Anxious eyes scan the early-warning pacific storm system screens. A Japanese satellite has detected a massive low-pressure system organizing a thousand miles north of Hawaii. In an El Niño winter, when a major storm brews far out at sea in the Pacific, and hitches itself to the jetstream for an express train ride to California, it's hunker-down time on the coast, a time of preparation and concern. At the Naval Research Laboratory in Monterey, they've been prepared for a long time, and concerned that a monster storm wouldn't strike.

Research P-3 parked at airfield

Airmen in every sense of the word, NOAA meteorologists, working in conjunction with Navy researchers and aircrews, plan a series of flights from Monterey directly toward-and through-the worst storms the Pacific can spit out this winter. Their mission: to use their aircraft itself as a meteorological instrument, as well as to drop dozens of specialized dropsondes, tiny weather stations equipped with a telemetry radio, out of the plane as it fights its way through the storms. These sondes, sending streams of data as they fall through the conflagration to the ocean five miles below, let researchers create a three-dimensional picture of the storm, and determine whether El Niño storms have as much bite...or more...than a winter storm in a normal year.

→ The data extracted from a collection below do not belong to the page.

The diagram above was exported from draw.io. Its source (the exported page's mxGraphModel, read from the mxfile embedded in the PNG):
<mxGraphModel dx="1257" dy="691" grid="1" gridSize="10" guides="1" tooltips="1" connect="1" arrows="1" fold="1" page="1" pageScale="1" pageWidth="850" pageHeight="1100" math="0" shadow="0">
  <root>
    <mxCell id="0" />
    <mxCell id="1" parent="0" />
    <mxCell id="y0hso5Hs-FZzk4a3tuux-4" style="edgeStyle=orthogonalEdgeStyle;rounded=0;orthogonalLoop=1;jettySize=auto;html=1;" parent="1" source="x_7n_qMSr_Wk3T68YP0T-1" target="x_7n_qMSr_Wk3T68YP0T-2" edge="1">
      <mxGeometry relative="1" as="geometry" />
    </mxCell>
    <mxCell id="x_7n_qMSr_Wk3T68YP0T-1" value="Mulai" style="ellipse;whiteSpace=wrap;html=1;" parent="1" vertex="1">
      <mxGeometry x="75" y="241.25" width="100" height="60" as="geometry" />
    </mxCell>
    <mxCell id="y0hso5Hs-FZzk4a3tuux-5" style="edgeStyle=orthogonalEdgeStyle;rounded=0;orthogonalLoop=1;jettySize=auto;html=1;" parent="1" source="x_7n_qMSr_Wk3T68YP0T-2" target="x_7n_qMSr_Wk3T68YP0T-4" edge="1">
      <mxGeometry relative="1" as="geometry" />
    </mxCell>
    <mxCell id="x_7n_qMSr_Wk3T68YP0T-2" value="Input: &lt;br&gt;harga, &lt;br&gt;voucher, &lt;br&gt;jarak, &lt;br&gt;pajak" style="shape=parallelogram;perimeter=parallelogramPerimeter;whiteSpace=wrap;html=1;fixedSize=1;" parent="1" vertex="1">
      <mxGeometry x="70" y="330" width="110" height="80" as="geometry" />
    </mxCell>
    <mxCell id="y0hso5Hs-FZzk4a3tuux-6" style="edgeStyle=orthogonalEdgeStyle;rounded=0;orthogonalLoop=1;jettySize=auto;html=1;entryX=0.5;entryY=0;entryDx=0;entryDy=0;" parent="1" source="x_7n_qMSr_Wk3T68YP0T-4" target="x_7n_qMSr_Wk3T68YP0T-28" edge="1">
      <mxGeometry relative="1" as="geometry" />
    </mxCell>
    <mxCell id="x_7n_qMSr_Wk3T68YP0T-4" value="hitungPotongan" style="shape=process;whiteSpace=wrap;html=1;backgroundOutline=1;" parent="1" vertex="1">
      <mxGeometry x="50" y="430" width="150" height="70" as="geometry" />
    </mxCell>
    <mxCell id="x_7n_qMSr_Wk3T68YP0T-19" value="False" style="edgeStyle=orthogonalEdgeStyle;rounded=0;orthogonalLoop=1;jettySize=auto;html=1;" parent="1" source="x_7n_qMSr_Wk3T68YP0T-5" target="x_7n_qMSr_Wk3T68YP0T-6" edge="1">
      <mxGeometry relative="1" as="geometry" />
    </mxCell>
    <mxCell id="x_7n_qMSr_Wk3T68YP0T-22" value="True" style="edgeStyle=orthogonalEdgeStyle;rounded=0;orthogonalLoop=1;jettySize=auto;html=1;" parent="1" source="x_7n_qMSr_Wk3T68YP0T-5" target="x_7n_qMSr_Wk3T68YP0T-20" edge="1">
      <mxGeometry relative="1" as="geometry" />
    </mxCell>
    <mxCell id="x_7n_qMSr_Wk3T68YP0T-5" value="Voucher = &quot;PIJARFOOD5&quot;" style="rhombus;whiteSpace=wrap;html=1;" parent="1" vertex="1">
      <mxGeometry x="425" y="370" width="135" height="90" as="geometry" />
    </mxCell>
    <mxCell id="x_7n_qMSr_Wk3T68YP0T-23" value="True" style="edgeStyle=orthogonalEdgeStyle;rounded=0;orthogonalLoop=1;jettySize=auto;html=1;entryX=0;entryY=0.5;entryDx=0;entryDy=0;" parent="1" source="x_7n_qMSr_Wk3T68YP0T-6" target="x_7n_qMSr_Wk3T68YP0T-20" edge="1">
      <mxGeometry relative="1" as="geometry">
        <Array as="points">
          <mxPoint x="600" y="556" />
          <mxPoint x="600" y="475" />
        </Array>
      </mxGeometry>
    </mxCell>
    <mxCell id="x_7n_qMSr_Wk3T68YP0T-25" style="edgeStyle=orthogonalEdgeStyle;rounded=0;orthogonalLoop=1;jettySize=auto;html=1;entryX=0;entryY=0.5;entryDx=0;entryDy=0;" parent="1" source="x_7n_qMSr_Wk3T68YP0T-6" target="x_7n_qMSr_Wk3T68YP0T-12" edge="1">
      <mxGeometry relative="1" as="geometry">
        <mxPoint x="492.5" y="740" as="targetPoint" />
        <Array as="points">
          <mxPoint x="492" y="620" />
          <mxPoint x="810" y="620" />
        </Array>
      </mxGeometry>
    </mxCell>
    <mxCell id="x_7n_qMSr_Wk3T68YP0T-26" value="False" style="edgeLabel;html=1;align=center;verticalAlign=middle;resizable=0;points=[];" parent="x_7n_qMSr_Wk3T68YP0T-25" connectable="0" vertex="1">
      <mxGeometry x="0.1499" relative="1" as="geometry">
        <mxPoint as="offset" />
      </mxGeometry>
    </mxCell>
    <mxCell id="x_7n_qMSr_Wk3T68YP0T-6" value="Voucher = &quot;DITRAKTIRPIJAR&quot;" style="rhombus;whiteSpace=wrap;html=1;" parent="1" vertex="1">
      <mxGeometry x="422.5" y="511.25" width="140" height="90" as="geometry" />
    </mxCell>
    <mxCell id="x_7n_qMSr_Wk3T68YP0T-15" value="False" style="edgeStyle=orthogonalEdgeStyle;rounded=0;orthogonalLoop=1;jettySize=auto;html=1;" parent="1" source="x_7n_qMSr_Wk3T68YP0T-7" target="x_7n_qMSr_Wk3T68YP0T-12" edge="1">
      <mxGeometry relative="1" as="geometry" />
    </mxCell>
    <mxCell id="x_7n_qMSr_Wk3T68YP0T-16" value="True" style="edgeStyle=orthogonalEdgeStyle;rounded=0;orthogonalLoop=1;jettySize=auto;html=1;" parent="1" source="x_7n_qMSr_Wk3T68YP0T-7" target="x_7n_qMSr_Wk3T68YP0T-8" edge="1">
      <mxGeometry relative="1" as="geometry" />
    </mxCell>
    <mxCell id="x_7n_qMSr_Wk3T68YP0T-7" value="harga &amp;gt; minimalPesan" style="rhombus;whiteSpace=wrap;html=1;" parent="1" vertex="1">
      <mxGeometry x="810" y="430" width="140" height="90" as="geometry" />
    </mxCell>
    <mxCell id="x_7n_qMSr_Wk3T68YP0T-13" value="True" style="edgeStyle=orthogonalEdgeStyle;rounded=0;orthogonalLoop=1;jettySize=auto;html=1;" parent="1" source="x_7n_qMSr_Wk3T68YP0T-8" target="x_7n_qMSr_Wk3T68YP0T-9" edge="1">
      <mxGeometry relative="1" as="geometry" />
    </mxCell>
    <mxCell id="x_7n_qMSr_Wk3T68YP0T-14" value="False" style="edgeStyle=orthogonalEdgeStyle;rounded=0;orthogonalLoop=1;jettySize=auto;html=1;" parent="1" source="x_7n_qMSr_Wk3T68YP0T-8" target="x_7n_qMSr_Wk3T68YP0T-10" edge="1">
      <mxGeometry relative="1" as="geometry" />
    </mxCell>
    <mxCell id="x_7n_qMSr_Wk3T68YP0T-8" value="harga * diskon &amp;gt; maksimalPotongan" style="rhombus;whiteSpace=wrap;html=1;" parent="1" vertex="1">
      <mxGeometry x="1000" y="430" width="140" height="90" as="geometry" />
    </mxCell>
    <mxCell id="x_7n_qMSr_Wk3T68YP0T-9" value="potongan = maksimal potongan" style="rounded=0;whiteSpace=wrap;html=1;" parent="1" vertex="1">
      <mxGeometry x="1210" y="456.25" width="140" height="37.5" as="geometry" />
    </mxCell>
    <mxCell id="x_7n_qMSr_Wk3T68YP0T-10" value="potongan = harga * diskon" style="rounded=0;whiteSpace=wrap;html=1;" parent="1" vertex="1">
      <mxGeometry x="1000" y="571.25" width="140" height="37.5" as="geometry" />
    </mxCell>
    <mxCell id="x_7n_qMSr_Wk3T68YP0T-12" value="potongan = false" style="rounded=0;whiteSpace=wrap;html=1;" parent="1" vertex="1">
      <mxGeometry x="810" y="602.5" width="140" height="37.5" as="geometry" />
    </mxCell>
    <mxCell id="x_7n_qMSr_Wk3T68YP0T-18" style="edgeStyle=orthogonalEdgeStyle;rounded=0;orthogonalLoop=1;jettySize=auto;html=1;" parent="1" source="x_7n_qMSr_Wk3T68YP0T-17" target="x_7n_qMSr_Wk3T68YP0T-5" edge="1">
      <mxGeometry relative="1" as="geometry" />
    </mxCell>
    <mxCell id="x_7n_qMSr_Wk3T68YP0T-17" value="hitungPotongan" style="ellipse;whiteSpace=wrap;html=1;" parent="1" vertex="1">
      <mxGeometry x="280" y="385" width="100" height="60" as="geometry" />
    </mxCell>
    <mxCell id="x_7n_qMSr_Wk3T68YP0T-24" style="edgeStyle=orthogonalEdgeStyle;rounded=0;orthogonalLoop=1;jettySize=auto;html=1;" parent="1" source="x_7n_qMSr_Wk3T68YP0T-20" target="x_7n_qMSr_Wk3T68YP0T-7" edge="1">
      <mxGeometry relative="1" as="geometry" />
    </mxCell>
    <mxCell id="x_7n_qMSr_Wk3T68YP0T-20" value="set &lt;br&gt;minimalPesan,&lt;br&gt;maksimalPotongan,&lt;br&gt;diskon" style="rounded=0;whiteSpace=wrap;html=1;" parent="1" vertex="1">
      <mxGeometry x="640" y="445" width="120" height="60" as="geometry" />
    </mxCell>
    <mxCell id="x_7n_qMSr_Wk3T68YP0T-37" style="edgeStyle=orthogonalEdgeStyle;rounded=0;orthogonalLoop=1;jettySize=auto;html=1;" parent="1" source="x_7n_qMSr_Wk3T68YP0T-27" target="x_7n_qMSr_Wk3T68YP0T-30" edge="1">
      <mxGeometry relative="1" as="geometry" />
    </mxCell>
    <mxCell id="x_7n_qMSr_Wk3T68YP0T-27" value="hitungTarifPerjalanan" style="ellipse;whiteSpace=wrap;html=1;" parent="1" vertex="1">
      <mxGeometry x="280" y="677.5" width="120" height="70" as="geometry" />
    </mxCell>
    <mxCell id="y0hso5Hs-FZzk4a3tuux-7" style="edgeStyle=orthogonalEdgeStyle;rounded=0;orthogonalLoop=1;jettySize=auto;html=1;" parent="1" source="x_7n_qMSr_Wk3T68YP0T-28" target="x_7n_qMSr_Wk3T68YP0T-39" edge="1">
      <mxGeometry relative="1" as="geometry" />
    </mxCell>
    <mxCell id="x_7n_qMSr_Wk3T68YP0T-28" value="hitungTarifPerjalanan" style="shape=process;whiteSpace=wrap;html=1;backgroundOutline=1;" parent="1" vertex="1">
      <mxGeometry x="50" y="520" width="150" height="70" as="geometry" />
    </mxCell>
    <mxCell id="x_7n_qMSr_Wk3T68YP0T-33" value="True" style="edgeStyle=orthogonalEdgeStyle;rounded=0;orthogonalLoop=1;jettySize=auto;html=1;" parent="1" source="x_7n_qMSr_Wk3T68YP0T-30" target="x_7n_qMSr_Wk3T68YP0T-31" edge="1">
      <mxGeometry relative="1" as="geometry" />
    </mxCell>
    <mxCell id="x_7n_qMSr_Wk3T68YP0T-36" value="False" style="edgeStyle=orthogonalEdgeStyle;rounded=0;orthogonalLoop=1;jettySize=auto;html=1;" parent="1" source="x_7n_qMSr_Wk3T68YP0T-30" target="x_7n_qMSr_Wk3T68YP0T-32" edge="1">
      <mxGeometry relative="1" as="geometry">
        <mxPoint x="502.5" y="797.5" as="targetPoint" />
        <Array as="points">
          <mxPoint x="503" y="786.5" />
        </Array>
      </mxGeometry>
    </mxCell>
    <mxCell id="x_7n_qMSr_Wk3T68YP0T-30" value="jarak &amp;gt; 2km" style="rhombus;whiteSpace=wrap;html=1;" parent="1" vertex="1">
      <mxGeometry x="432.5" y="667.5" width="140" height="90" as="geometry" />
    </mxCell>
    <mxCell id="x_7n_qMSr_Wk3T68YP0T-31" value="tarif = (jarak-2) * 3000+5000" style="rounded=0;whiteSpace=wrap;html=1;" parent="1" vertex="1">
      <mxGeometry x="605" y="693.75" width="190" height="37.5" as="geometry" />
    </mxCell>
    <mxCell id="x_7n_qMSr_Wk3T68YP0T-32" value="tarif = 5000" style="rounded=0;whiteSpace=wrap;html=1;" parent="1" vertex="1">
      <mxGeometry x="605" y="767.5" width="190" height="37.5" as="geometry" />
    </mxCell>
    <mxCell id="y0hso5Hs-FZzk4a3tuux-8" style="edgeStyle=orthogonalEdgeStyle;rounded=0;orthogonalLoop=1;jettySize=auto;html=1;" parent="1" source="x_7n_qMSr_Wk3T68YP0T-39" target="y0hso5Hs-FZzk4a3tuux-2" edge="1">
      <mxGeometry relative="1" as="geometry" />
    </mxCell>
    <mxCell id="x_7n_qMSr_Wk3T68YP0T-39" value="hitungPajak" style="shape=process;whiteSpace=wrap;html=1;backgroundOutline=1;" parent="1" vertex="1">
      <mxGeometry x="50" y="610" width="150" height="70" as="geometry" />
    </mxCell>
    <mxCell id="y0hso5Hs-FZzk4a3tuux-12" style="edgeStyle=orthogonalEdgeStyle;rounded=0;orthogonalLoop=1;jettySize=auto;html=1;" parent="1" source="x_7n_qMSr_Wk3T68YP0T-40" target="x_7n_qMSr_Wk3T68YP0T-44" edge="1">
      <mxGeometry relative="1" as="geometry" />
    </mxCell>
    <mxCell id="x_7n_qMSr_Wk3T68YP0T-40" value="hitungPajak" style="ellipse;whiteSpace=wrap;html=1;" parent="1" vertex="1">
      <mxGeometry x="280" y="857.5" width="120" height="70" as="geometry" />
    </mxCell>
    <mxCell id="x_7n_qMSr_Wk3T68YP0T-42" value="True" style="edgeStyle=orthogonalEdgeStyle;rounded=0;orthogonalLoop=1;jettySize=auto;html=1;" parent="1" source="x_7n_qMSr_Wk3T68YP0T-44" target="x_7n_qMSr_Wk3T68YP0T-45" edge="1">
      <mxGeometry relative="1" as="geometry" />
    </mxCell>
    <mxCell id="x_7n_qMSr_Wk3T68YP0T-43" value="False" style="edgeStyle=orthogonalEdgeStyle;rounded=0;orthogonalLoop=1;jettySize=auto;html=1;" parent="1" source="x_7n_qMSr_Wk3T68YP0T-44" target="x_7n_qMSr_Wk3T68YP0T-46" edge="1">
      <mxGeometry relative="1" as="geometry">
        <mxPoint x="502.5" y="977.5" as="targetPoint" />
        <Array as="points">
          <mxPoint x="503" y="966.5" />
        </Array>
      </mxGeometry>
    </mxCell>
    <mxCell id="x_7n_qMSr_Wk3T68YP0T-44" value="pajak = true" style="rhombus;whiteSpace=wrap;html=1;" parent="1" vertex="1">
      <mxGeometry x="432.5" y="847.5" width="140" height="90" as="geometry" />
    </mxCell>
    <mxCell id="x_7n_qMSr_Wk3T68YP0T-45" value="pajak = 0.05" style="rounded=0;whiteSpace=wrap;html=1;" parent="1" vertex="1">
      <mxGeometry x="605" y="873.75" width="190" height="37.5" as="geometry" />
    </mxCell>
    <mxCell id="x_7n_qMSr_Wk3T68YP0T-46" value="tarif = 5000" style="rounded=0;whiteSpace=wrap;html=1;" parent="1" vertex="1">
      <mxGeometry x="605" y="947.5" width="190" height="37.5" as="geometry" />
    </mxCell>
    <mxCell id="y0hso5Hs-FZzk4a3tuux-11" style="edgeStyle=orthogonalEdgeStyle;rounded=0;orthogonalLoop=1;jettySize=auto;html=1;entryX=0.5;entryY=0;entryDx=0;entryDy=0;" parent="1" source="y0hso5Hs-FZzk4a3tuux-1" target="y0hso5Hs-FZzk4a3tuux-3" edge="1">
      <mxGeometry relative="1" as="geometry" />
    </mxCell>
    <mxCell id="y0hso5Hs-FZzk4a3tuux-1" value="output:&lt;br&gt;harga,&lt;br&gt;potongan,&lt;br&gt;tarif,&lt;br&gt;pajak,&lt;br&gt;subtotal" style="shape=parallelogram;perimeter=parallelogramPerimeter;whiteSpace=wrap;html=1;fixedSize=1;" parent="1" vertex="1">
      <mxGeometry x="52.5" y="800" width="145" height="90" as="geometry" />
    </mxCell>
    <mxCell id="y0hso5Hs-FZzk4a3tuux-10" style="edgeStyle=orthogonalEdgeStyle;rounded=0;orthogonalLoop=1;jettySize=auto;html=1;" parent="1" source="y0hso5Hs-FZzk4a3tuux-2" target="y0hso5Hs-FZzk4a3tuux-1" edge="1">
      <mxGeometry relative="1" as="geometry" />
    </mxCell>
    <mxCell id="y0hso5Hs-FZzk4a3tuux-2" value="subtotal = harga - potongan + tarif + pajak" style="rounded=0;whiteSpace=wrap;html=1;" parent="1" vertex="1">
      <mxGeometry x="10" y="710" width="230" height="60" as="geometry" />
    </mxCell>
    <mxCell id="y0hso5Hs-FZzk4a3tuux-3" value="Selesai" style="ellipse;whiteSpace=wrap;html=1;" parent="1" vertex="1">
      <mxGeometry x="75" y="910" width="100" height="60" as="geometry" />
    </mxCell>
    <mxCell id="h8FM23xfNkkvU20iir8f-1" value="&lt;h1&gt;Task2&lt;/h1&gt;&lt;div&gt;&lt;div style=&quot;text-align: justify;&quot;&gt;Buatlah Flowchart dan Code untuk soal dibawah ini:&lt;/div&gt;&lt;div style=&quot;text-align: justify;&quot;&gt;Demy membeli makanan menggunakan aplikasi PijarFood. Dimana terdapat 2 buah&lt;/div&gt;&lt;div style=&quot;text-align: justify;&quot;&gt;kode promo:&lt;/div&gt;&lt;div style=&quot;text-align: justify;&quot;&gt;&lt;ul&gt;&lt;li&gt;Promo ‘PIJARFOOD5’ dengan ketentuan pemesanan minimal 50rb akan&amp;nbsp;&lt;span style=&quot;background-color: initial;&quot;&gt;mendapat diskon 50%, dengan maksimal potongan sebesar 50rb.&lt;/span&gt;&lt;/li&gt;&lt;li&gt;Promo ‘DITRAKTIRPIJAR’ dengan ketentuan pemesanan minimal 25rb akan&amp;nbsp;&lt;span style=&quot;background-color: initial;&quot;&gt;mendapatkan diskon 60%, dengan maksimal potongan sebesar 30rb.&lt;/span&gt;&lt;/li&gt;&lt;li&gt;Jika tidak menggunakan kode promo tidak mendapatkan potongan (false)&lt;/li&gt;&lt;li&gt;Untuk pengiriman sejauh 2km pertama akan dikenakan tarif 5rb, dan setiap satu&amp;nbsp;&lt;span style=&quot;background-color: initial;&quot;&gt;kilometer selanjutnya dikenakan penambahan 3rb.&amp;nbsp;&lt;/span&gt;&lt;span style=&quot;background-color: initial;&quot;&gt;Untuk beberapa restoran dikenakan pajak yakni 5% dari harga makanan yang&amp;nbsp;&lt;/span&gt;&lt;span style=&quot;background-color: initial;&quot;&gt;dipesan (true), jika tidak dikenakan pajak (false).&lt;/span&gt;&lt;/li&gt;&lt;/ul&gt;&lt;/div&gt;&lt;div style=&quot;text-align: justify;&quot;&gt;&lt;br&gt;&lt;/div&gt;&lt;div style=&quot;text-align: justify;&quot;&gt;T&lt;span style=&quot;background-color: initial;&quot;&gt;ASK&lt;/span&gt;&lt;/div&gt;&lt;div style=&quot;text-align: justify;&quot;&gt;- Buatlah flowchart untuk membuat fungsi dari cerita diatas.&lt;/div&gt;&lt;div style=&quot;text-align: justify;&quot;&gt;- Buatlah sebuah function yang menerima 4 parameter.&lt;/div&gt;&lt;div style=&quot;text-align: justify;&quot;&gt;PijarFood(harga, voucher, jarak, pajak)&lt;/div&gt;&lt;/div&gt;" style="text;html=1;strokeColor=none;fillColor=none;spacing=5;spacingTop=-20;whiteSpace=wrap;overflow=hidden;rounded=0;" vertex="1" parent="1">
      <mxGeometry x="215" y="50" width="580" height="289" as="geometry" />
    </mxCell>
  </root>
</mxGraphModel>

Their aircraft is the venerable P-3; a large, blunt-nosed, four-engine turboprop built to take the worst nature can dish out. With a crew of eight-plus our NOVA Online correspondent-the P-3 will roar out of Monterey, heading west northwest as it speeds out to its fateful rendezvous. On the periphery of the storm, the shaking begins, and builds to a wrenching, juddering crescendo as the craft pushes through the howling winds and finally pierces the heart of the storm. Every minute, another whoosh and a bang indicate a crewman has released a dropsonde through the special door in the floor of the plane. Outfitted with instruments recording every conceivable aspect of the storm, the plane is a flying weather station doing the only El Niño research in the world conducted from within a major storm.